● TASK ITEM: Copy, from the data below, every line that has "SubType" in it.

[[ MATERIAL FOR THIS TASK open ]]

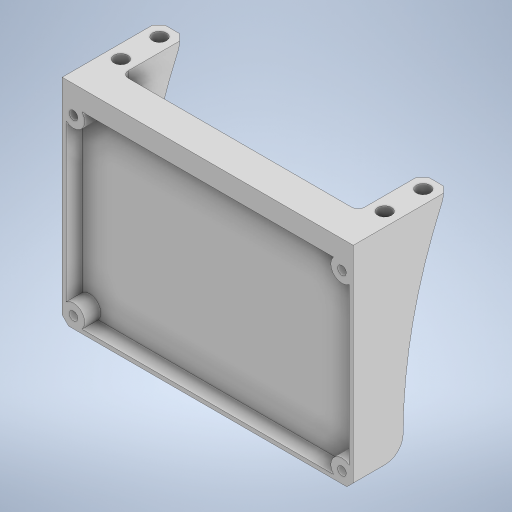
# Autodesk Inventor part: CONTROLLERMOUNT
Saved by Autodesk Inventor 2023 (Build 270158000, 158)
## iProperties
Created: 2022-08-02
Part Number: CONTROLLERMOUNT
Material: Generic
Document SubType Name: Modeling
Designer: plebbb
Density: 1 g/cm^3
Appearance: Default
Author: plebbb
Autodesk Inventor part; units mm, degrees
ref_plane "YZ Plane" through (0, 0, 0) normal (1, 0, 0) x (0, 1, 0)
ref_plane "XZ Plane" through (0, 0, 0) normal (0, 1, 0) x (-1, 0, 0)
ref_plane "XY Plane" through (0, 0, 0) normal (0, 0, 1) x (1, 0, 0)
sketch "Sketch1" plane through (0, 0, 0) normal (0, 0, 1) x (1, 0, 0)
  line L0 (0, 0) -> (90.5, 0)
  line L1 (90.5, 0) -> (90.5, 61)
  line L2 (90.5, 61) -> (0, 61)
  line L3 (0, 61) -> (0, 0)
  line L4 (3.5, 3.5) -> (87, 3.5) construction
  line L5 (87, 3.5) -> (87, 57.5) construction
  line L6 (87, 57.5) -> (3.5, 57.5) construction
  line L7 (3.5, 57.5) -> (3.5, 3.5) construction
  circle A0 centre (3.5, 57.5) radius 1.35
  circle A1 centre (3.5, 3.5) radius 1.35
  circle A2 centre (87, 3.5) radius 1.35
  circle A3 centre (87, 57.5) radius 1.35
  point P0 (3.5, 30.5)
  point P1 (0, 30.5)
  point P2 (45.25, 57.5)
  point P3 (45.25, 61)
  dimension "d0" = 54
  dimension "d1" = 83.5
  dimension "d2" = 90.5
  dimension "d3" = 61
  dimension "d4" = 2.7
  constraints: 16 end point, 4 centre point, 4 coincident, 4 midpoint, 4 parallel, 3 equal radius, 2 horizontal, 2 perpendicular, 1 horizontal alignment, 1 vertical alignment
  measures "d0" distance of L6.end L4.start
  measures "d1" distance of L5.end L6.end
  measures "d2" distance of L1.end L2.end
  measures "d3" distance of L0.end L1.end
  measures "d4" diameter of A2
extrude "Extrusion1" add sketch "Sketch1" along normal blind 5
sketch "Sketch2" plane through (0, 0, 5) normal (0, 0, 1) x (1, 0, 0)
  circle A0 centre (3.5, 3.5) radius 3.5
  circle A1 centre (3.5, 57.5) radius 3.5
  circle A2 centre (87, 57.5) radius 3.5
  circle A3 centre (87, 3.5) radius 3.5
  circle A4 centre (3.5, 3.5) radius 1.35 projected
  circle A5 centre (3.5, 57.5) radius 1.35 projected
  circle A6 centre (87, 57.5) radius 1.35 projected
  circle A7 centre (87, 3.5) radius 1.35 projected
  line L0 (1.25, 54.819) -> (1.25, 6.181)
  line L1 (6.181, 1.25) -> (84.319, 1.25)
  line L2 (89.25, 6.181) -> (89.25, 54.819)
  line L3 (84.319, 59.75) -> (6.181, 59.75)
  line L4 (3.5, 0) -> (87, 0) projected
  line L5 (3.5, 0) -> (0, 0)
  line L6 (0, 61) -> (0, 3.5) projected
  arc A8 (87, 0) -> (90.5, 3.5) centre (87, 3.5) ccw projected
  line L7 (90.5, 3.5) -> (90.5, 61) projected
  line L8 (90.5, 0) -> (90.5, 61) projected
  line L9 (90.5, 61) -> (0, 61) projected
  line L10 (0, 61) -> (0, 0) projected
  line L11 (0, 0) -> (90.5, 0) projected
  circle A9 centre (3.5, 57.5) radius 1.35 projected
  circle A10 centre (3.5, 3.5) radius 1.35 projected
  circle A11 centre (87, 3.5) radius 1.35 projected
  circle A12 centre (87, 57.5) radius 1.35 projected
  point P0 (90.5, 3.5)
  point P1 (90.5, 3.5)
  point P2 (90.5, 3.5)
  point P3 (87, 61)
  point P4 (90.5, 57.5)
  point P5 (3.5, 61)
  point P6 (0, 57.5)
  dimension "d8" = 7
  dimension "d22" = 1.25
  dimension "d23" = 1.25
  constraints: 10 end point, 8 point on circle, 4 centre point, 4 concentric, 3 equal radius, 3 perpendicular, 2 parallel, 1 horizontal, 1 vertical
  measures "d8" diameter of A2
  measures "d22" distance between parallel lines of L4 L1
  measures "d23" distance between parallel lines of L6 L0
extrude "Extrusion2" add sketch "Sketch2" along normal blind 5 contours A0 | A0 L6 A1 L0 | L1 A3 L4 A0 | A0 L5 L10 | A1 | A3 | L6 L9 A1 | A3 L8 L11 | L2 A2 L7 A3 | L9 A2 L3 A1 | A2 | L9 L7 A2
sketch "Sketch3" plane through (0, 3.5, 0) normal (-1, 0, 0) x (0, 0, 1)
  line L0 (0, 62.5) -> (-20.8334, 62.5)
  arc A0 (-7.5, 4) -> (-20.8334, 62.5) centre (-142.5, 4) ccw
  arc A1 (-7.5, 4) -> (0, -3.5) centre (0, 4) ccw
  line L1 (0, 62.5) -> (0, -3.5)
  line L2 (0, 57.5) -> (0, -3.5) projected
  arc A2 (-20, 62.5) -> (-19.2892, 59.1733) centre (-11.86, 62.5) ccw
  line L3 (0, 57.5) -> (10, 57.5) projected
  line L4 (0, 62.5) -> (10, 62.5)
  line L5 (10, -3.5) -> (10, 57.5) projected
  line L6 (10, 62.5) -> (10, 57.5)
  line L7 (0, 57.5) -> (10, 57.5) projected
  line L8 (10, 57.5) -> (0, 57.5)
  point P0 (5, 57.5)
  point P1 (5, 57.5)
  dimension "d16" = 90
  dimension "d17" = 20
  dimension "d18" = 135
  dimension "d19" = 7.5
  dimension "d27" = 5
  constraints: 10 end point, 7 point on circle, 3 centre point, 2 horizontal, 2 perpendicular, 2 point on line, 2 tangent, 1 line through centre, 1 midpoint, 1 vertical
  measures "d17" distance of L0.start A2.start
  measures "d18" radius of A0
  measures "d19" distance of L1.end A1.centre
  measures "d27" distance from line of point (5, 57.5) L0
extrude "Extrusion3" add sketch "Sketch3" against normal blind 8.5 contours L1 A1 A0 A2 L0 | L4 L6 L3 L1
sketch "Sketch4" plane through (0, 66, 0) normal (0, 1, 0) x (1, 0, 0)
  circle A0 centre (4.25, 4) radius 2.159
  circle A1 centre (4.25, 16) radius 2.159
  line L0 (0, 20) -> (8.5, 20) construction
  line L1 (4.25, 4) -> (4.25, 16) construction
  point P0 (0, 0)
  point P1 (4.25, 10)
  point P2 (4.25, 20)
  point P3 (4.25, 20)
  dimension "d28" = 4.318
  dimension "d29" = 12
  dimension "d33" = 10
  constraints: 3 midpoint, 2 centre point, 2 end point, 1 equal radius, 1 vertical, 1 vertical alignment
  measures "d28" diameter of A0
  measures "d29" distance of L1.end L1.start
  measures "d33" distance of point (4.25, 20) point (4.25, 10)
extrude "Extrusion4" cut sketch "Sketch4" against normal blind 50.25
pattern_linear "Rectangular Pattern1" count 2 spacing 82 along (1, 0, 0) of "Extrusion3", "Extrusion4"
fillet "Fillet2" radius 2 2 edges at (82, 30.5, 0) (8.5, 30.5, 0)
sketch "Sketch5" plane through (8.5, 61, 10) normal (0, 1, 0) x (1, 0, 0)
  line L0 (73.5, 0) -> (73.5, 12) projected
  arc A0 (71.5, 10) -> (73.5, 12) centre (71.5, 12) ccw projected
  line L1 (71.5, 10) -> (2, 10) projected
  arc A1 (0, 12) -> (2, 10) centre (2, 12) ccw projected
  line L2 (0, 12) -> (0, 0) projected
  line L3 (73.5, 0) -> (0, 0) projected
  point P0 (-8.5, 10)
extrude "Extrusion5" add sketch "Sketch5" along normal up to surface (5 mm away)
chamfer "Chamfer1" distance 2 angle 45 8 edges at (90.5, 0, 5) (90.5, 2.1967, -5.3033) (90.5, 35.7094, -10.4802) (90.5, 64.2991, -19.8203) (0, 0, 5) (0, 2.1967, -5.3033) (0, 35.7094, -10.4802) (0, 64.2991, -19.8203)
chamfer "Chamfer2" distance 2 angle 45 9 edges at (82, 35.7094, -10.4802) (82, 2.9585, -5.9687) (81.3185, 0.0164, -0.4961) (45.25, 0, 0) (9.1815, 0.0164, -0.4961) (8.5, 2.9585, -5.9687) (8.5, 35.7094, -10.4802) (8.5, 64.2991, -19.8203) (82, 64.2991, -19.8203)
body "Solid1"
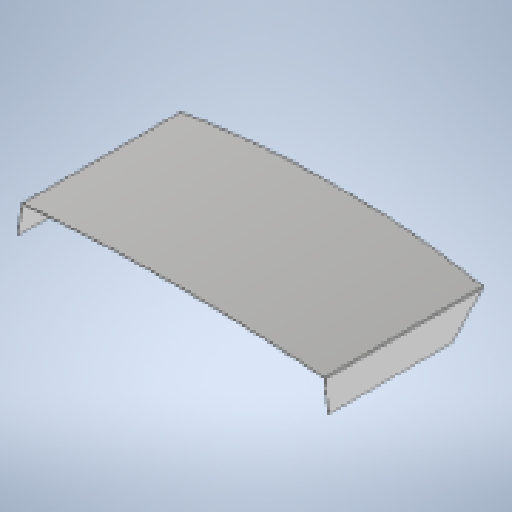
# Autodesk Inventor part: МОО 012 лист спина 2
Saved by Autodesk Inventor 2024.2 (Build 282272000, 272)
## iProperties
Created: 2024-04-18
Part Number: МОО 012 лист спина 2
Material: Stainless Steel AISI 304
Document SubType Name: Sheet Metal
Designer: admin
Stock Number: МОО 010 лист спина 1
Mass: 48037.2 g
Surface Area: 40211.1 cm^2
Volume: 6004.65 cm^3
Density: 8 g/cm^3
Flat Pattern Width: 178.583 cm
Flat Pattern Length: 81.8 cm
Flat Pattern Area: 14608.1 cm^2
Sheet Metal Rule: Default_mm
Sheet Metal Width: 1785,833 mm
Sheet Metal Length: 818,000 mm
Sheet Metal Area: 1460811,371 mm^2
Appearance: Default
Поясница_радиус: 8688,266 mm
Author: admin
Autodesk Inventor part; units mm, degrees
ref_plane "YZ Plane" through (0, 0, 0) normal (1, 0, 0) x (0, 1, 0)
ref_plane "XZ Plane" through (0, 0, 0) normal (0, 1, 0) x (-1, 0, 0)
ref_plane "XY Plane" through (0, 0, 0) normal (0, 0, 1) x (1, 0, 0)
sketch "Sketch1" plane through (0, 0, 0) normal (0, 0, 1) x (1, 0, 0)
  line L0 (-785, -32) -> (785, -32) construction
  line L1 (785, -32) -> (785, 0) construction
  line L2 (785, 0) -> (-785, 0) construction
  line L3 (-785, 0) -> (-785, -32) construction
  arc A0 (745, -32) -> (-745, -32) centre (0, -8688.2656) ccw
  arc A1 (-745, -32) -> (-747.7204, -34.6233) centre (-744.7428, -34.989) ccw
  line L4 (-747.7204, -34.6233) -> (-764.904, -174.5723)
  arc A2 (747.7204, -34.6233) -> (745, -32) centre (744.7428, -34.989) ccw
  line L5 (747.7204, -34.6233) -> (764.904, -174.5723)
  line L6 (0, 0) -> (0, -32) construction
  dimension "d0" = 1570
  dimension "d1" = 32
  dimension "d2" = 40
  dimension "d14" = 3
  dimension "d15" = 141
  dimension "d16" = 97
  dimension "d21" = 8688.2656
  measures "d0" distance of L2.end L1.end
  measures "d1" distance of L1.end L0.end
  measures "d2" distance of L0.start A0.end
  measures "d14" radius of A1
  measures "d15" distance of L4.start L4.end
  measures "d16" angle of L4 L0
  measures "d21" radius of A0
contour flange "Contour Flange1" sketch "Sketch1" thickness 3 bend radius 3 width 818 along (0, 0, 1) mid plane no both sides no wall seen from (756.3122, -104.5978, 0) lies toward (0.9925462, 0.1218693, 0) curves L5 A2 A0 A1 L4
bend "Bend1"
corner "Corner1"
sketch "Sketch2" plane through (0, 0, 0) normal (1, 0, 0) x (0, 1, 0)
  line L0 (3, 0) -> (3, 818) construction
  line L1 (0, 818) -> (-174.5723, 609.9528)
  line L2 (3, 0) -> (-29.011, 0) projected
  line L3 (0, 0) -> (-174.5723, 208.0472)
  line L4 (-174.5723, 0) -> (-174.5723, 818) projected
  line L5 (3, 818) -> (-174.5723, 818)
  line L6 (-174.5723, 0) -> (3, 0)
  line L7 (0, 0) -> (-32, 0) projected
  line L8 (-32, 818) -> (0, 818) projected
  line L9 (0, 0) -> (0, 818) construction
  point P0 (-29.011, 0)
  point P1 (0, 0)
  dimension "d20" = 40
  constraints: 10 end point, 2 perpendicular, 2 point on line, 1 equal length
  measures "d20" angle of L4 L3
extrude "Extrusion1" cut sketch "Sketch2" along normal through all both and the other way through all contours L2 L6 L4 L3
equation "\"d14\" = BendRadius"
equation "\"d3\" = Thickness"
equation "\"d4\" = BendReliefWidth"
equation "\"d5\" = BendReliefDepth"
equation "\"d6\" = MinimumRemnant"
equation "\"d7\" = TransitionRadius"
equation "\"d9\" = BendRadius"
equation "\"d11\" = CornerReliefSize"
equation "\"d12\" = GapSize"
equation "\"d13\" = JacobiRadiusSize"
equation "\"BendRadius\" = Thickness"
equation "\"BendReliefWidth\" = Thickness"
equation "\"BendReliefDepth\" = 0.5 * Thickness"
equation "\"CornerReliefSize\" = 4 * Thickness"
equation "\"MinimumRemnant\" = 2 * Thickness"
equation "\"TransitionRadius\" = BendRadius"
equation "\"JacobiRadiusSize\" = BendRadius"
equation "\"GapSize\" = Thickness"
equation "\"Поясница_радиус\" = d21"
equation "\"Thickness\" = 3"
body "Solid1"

[[ MATERIAL FOR THIS TASK closed ]]

● SOLUTION:
Document SubType Name: Modeling
Document SubType Name: Sheet Metal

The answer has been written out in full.